**Task directions:** Exclude all pictures. Then restate, word for word, the entries from the first line through the line that contains "#1=APPLICATION_CONTEXT('core data for".

Collection entries:
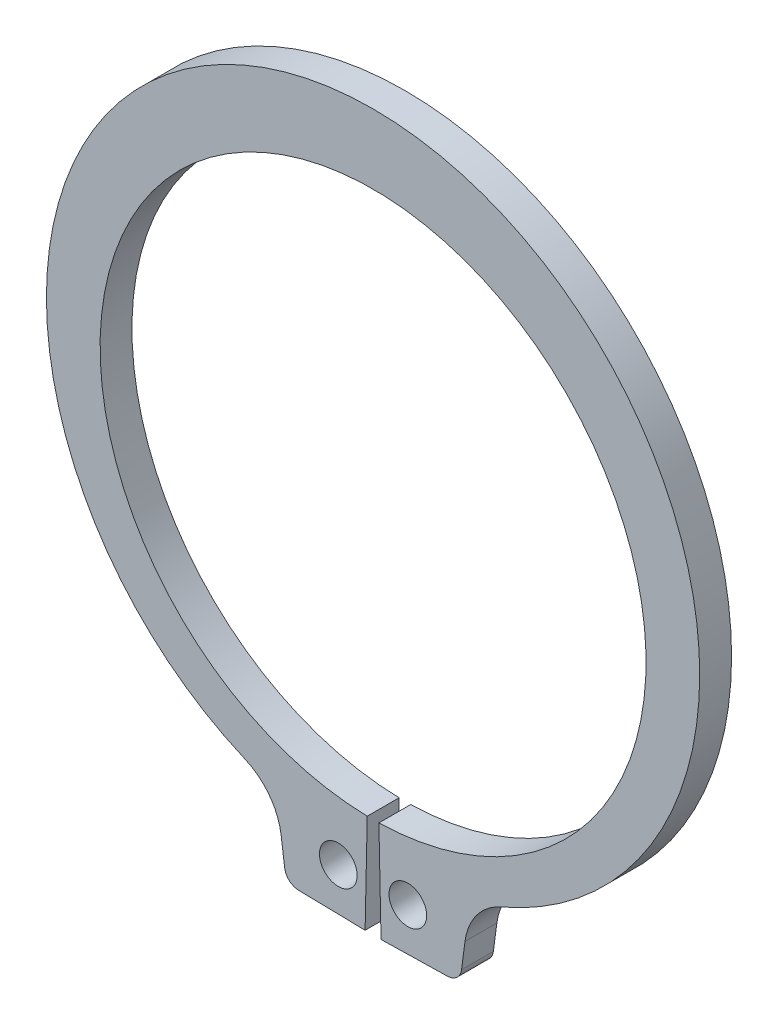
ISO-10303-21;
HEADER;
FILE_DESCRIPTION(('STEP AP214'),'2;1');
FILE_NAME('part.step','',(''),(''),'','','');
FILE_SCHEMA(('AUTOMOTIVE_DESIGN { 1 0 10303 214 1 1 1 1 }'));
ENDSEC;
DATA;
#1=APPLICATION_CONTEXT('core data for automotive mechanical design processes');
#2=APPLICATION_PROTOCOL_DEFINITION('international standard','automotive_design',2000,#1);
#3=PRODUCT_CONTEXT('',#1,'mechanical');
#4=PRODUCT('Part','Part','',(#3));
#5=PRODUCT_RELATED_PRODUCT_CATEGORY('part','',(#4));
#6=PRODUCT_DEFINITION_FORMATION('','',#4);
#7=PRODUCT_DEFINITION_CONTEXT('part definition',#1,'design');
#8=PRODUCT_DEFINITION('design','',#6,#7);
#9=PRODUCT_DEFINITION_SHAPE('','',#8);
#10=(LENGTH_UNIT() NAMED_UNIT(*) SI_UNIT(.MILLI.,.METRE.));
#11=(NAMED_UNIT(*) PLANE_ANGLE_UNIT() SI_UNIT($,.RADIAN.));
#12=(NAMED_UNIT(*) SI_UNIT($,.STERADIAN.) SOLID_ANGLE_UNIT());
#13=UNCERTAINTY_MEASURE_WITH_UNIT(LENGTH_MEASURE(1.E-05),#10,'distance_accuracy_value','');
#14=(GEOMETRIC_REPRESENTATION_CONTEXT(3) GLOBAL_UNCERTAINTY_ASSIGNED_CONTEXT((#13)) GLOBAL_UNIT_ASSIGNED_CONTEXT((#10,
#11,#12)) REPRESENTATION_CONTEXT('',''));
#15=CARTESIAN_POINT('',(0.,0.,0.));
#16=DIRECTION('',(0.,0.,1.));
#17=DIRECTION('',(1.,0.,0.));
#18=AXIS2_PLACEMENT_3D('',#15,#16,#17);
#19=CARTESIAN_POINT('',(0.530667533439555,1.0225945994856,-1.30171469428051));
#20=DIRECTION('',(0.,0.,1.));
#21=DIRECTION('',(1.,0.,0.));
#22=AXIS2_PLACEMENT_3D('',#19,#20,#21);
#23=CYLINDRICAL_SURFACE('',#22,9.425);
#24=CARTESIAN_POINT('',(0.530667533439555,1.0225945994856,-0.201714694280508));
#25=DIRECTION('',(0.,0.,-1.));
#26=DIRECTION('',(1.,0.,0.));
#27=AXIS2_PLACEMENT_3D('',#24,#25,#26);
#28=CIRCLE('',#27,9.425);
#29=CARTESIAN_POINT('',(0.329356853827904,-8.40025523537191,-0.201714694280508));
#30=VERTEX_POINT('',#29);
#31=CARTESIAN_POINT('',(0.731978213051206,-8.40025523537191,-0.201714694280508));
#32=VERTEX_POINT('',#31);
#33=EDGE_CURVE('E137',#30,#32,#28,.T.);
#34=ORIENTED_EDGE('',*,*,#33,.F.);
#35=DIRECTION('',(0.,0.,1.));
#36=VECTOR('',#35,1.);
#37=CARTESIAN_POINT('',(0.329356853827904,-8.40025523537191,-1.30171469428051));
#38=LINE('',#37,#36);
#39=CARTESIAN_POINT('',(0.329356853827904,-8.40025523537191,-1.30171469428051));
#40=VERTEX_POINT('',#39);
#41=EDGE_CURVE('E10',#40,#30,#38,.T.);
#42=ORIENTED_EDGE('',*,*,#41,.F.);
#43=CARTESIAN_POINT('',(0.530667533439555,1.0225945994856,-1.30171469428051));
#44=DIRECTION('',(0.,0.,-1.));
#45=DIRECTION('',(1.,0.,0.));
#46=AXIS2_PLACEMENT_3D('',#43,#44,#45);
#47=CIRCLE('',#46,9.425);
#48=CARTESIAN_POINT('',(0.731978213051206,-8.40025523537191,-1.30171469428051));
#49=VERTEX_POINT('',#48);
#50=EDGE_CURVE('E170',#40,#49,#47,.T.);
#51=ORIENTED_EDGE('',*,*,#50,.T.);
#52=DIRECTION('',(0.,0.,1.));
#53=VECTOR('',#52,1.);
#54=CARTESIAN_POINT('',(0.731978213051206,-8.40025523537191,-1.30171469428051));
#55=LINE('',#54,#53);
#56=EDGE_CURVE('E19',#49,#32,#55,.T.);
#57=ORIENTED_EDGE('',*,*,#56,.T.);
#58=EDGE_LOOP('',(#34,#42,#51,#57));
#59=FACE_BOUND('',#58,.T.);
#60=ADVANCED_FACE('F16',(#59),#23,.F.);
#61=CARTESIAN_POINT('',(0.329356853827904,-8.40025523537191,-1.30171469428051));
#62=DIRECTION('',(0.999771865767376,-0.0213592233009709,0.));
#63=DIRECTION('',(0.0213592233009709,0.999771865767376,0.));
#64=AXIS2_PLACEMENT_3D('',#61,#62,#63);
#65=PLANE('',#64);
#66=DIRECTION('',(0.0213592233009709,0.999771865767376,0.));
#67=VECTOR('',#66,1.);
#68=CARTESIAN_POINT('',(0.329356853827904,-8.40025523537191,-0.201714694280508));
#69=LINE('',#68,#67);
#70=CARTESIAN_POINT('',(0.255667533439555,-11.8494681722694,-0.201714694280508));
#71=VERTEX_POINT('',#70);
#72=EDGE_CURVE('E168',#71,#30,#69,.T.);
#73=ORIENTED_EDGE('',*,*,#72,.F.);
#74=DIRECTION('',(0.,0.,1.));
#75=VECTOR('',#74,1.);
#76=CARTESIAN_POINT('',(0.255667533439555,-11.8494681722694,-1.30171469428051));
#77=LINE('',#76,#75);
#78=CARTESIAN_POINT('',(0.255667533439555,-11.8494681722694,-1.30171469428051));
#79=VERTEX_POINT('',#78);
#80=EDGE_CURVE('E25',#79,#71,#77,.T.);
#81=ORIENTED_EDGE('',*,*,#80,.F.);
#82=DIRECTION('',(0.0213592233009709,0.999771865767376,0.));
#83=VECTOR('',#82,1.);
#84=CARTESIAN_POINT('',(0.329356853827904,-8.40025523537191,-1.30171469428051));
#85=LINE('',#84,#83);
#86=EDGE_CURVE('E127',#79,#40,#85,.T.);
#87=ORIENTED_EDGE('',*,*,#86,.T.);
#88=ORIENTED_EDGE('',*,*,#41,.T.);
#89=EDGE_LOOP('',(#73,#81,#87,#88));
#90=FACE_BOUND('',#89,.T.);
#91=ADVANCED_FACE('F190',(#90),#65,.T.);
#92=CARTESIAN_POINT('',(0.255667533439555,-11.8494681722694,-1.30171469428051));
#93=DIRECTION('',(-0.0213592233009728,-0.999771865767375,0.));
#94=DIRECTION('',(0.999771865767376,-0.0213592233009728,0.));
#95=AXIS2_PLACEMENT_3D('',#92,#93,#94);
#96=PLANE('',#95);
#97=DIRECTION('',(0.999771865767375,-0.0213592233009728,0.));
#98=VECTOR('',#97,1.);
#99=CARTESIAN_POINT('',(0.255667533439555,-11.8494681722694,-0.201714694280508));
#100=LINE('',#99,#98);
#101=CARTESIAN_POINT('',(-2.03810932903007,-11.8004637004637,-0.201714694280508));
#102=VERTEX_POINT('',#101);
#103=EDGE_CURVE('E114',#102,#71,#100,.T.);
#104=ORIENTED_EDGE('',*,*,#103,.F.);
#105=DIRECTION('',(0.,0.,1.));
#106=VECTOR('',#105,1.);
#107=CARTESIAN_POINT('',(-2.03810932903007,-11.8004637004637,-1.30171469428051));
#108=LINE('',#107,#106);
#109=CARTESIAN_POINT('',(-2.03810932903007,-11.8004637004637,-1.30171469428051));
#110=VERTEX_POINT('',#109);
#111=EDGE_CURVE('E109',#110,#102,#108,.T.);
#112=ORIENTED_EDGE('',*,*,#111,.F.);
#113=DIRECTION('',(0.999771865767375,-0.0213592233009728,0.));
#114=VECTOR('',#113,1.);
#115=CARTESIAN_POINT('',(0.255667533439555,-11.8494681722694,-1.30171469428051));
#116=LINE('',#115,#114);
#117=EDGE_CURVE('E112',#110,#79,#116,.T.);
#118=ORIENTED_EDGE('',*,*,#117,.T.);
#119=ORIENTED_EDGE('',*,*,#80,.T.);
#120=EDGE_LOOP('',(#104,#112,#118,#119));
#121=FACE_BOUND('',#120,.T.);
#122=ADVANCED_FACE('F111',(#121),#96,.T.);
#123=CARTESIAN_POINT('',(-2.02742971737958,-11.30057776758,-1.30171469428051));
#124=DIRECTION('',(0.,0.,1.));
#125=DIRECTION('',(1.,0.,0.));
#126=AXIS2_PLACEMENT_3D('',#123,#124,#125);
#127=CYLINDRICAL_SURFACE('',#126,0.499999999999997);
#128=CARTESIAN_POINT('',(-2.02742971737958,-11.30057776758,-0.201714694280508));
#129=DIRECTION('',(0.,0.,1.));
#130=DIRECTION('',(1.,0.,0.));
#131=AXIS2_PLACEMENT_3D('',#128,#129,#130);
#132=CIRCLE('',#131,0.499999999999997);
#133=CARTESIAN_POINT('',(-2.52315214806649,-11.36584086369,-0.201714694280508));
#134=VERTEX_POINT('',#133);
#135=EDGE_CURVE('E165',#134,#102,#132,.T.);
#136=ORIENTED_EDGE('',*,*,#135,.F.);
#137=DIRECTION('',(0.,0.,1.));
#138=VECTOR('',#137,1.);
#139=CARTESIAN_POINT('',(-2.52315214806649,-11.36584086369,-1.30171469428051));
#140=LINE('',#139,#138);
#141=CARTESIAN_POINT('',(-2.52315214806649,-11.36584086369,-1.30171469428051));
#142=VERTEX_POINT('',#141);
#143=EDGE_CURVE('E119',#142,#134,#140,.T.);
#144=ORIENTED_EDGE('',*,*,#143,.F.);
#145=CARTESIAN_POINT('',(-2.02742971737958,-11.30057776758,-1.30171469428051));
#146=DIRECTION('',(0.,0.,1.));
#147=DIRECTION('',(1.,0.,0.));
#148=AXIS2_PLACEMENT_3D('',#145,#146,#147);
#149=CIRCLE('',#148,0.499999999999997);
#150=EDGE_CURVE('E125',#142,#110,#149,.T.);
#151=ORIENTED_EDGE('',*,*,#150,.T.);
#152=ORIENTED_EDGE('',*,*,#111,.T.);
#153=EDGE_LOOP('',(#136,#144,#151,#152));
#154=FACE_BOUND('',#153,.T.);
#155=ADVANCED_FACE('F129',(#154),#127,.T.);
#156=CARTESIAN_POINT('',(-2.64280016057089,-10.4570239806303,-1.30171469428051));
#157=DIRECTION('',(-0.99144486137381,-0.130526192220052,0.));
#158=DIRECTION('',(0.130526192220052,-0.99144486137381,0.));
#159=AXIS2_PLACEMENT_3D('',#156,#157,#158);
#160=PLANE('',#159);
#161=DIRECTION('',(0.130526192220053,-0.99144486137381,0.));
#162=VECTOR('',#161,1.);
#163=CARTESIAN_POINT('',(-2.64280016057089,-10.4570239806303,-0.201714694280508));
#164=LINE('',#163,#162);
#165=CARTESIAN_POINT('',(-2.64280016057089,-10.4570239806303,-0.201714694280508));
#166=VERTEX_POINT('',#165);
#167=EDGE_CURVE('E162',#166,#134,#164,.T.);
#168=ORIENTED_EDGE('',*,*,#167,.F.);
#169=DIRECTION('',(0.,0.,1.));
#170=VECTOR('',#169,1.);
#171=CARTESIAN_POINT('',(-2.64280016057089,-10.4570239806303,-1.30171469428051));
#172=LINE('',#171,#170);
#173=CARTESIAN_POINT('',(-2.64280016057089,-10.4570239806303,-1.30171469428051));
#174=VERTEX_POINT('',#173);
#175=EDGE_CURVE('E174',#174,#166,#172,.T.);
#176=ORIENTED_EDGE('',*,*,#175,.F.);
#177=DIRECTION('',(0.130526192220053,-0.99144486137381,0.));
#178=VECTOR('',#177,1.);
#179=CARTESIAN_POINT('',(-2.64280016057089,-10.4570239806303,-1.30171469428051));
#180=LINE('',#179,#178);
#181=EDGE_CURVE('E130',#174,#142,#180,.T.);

**Exercise result:**
ISO-10303-21;
HEADER;
FILE_DESCRIPTION(('STEP AP214'),'2;1');
FILE_NAME('part.step','',(''),(''),'','','');
FILE_SCHEMA(('AUTOMOTIVE_DESIGN { 1 0 10303 214 1 1 1 1 }'));
ENDSEC;
DATA;
#1=APPLICATION_CONTEXT('core data for automotive mechanical design processes');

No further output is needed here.